Oral antiseptics comparisons

            A systematic review of 27 studies, 16 in vitro studies, and 11 clinical trials evaluated the antiviral effect against SARS-COV-2. Povidone-iodine, cetylpyridinium chloride, and essential oils were effective in vitro, while hydrogen peroxide, chlorhexidine digluconate, povidone-iodine, and cetylpyridinium chloride were effective in vivo (Mezarina Mendoza et al. 2022)

Conclusion

           Oropharyngeal decontamination has the potential to reduce the spread of SARS-CoV-2 infection. Several studies were analyzed and reviewed related to the use of oral and nasopharyngeal decontamination (antiseptics) to reduce the risks of infection, morbidity, and mortality of COVID-19. The evidence reviewed on nasal sprays and gargles with antiviral properties support that several commonly used antiseptics including Chlorhexidine, povidone-iodine, and essential oils-based antiseptic, can reduce SARS-CoV-2 viral load, and in some cases reduced the severity of the disease. Hydrogen peroxide mouthwash reduced viral titers in three separate strains of SARS-CoV-2 and reduced the development of ventilator-associated pneumonia.

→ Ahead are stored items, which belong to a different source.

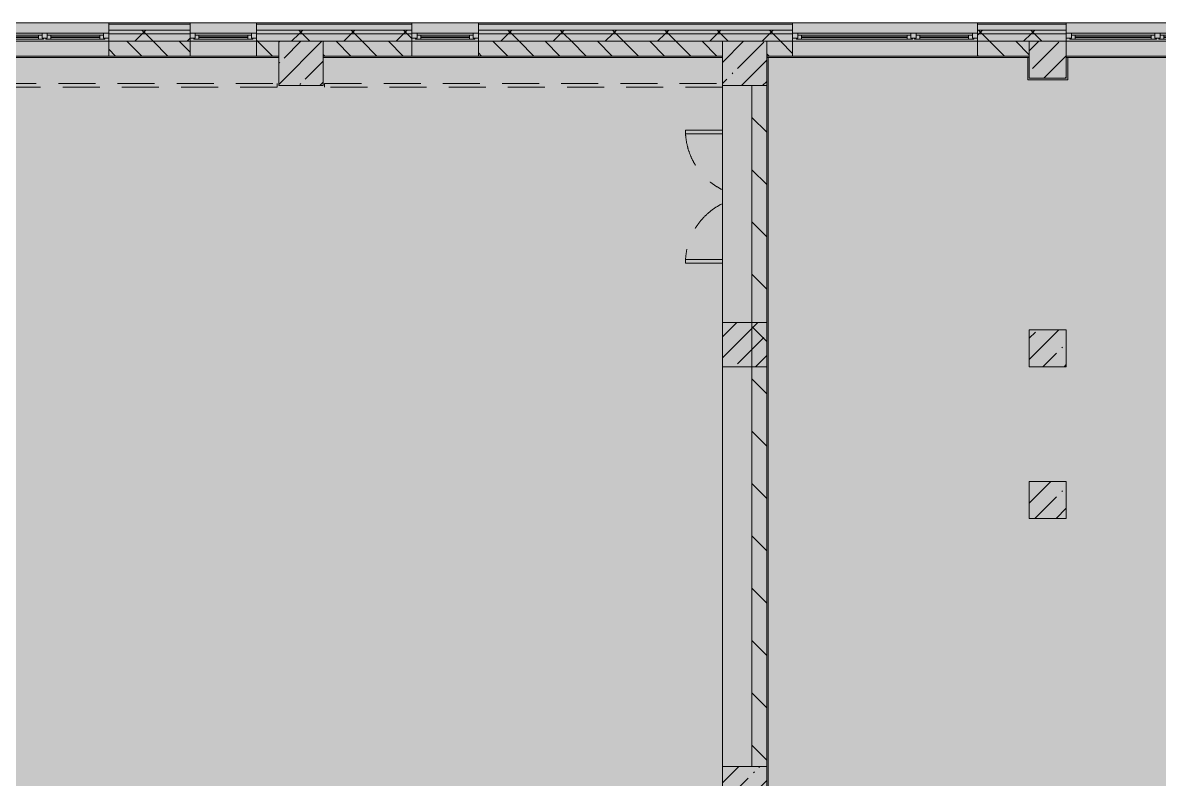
# Model space of a CAD drawing. Header units: millimetres. Extents: x 36059 to 234328, y -8553 to 29000.
# Drawn here: x 164016 to 179386, y 17127 to 27350 of the extents above; entities that cross this region are included whole.
import ezdxf

# ---------------------------------------------------------------- set-up
doc = ezdxf.new("R2010")
doc.units = ezdxf.units.MM
doc.linetypes.add('200_ШТРИХ__ш1_п0_6_', pattern=[800, 500, -300])
doc.layers.add('A-DETL-GENF-2', color=7, linetype='Continuous', lineweight=9, true_color=0xc0c0c0, transparency=0.4)
for name, color, linetype, lineweight in [('A-DETL-MBND-1', 7, '200_ШТРИХ__ш1_п0_6_', 9), ('A-WALL-3', 7, 'Continuous', 5), ('I-WALL-4', 7, 'Continuous', 5), ('S-COLS-3', 7, 'Continuous', 5)]:
    doc.layers.add(name, color=color, linetype=linetype, lineweight=lineweight)
for name, color, linetype, lineweight, true_color in [('A-FLOR-1', 7, 'Continuous', 5, 0xb7b7b7), ('A-GLAZ-3', 7, 'Continuous', 5, 0x737373), ('A-WALL-4', 7, 'Continuous', 5, 0x737373), ('A-WALL-5', 7, 'Continuous', 9, 0x737373), ('I-WALL-3', 7, 'Continuous', 5, 0x737373), ('S-COLS-4', 7, 'Continuous', 5, 0x737373)]:
    doc.layers.add(name, color=color, linetype=linetype, lineweight=lineweight, true_color=true_color)
pattern_1 = [(45, (107317.9, 0), (-285.1231, 285.1231), []), (45, (107603, 0), (-285.1231, 285.1231), [504.031, -100.806, 16.764, -84.042])]
pattern_2 = [(45, (107317.9, 0), (-353.5534, 353.5534), []), (135, (107317.9, 0), (-353.5534, -353.5534), [])]

# ---------------------------------------------------------------- blocks, each defined once
blk = doc.blocks.new('BSC_Колонна _Прямоугольная - 600х600-V75-3_10_2_птичка')
at = {"layer": 'S-COLS-3'}
h = blk.add_hatch(dxfattribs=at)
h.set_pattern_fill('FP_104', color=256, style=0, pattern_type=2)
h.set_pattern_definition([(45, (-66460, -17000), (-285.1231, 285.1231), []), (45, (-66174.88, -17000), (-285.1231, 285.1231), [504.031, -100.806, 16.764, -84.042])])
h.paths.add_polyline_path([(-300, -300), (300, -300), (300, 300), (-300, 300)])
at = {"layer": 'S-COLS-4'}
for p, q in [((300, 300), (-300, 300)), ((-300, 300), (-300, -300)), ((300, -300), (300, 300)), ((-300, -300), (300, -300))]:
    blk.add_line(p, q, dxfattribs=at)
blk = doc.blocks.new('BSC_Колонна _Прямоугольная - 500х500-V94-3_10_2_птичка')
at = {"layer": 'S-COLS-3'}
h = blk.add_hatch(dxfattribs=at)
h.set_pattern_fill('FP_125', color=256, style=0, pattern_type=2)
h.set_pattern_definition([(45, (-70560, -22950), (-285.1231, 285.1231), []), (45, (-70274.88, -22950), (-285.1231, 285.1231), [504.031, -100.806, 16.764, -84.042])])
h.paths.add_polyline_path([(-250, -250), (250, -250), (250, 250), (-250, 250)])
at = {"layer": 'S-COLS-4'}
for p, q in [((250, 250), (-250, 250)), ((-250, 250), (-250, -250)), ((250, -250), (250, 250)), ((-250, -250), (250, -250))]:
    blk.add_line(p, q, dxfattribs=at)
blk = doc.blocks.new('120_Окно_СКБ_2Ст - 120_Окно_СКБ_2Ст 3100х2500 _мал_створка слева_ 2-19089248-3_10_2_птичка')
at = {"layer": 'A-GLAZ-3'}
for p, q in [((-1550, -75), (-1550, -5)), ((-1550, -5), (-1480, -5)), ((1550, -5), (-1550, -5)), ((-1480, -75), (-1550, -75)), ((-1550, -75), (-1500, -75)), ((-1480, -75), (-1500, -75)), ((-1500, -75), (-1500, -85)), ((-1500, -85), (670, -85)), ((670, -85), (-1500, -85)), ((-1480, -5), (-1480, -75)), ((650, -35), (-1480, -35)), ((-1480, -35), (-1480, -75)), ((-1430, -85), (-1430, -35)), ((-1430, -55), (600, -55)), ((600, -65), (-1430, -65)), ((600, -85), (600, -35)), ((650, -75), (650, -5)), ((650, -5), (720, -5)), ((650, -75), (650, -35)), ((720, -75), (650, -75)), ((670, -75), (650, -75)), ((670, -75), (700, -75)), ((670, -85), (670, -75)), ((720, -75), (700, -75)), ((700, -75), (700, -85)), ((700, -85), (1500, -85)), ((1500, -85), (700, -85)), ((720, -5), (720, -75)), ((1480, -35), (720, -35)), ((720, -35), (720, -75)), ((770, -85), (770, -35)), ((770, -55), (1430, -55)), ((1430, -65), (770, -65)), ((1430, -85), (1430, -35)), ((1480, -75), (1480, -5)), ((1480, -5), (1550, -5)), ((1480, -75), (1480, -35)), ((1550, -75), (1480, -75)), ((1500, -75), (1480, -75)), ((1500, -75), (1550, -75)), ((1500, -85), (1500, -75)), ((1550, -5), (1550, -75))]:
    blk.add_line(p, q, dxfattribs=at)
blk = doc.blocks.new('110_Дверь_СКБ_2Ст - Д-10 1800x2100h_Актовый зал EI30-32403870-3_10_2_птичка')
at = {"layer": 'A-DETL-MBND-1'}
for points in [[(-888, 500), (-838, 500), (-838, 1000), (-888, 1000)], [(862, 500), (912, 500), (912, 1000), (862, 1000), (862, 564)]]:
    blk.add_hatch(color=256, dxfattribs=at).paths.add_polyline_path(points)
for p, q in [((-888, 1000), (-888, 500)), ((-838, 1000), (-888, 1000)), ((-838, 500), (-838, 1000)), ((912, 1000), (862, 1000)), ((862, 1000), (862, 500)), ((912, 500), (912, 1000))]:
    blk.add_line(p, q, dxfattribs=at)
for centre, start, end in [((-888, 100), 26.7445, 90), ((912, 100), 90, 153.2555)]:
    blk.add_arc(centre, 900, start, end, dxfattribs=at)
blk = doc.blocks.new('BSC_Колонна _Прямоугольная - 500х500-V160-3_10_2_птичка')
at = {"layer": 'S-COLS-3'}
h = blk.add_hatch(dxfattribs=at)
h.set_pattern_fill('FP_153', color=256, style=0, pattern_type=2)
h.set_pattern_definition([(45, (-70560, -20900), (-285.1231, 285.1231), []), (45, (-70274.88, -20900), (-285.1231, 285.1231), [504.031, -100.806, 16.764, -84.042])])
h.paths.add_polyline_path([(-250, -250), (250, -250), (250, 250), (-250, 250)])
at = {"layer": 'S-COLS-4'}
for p, q in [((250, 250), (-250, 250)), ((-250, 250), (-250, -250)), ((250, -250), (250, 250)), ((-250, -250), (250, -250))]:
    blk.add_line(p, q, dxfattribs=at)
blk = doc.blocks.new('120_Окно_СКБ_1Ст - 120_Окно_СКБ_1Ст 900х2500_h_-19906774-3_10_2_птичка')
at = {"layer": 'A-GLAZ-3'}
for p, q in [((-450, -75), (-450, -5)), ((-450, -5), (-380, -5)), ((450, -5), (-450, -5)), ((-380, -75), (-450, -75)), ((-450, -75), (-400, -75)), ((-380, -75), (-400, -75)), ((-400, -75), (-400, -85)), ((-400, -85), (400, -85)), ((400, -85), (-400, -85)), ((-380, -5), (-380, -75)), ((380, -35), (-380, -35)), ((-380, -35), (-380, -75)), ((-330, -85), (-330, -35)), ((-330, -55), (330, -55)), ((330, -65), (-330, -65)), ((330, -85), (330, -35)), ((380, -75), (380, -5)), ((380, -5), (450, -5)), ((380, -75), (380, -35)), ((450, -75), (380, -75)), ((400, -75), (380, -75)), ((400, -75), (450, -75)), ((400, -85), (400, -75)), ((450, -5), (450, -75))]:
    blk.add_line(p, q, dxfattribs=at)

Chlorhexidine appeared to be very effective when utilized as an oral rinse. Gargling with Iodine-Povidone solution resulted in a significant drop in respiratory infections. Iodine-Povidone can reduce the amount of virus particle aerosolization before it reaches barriers and surfaces. PVP-I gargle/mouthwash is a simple, inexpensive, and safe way to reduce the risk of cross-transmission of SARS-CoV-2. Essential oils like eucalyptol have positive effects on the host respiratory system not only that it was found to be efficient in reducing and resisting the virus SARS-COV-2 and COVID-19. All these antiseptics were found effective in different study trials. Using these methods can help decrease the spread of COVID-19 and SARS-CoV-2. Oropharyngeal decontamination has shown to be a successful intervention in reducing viral load.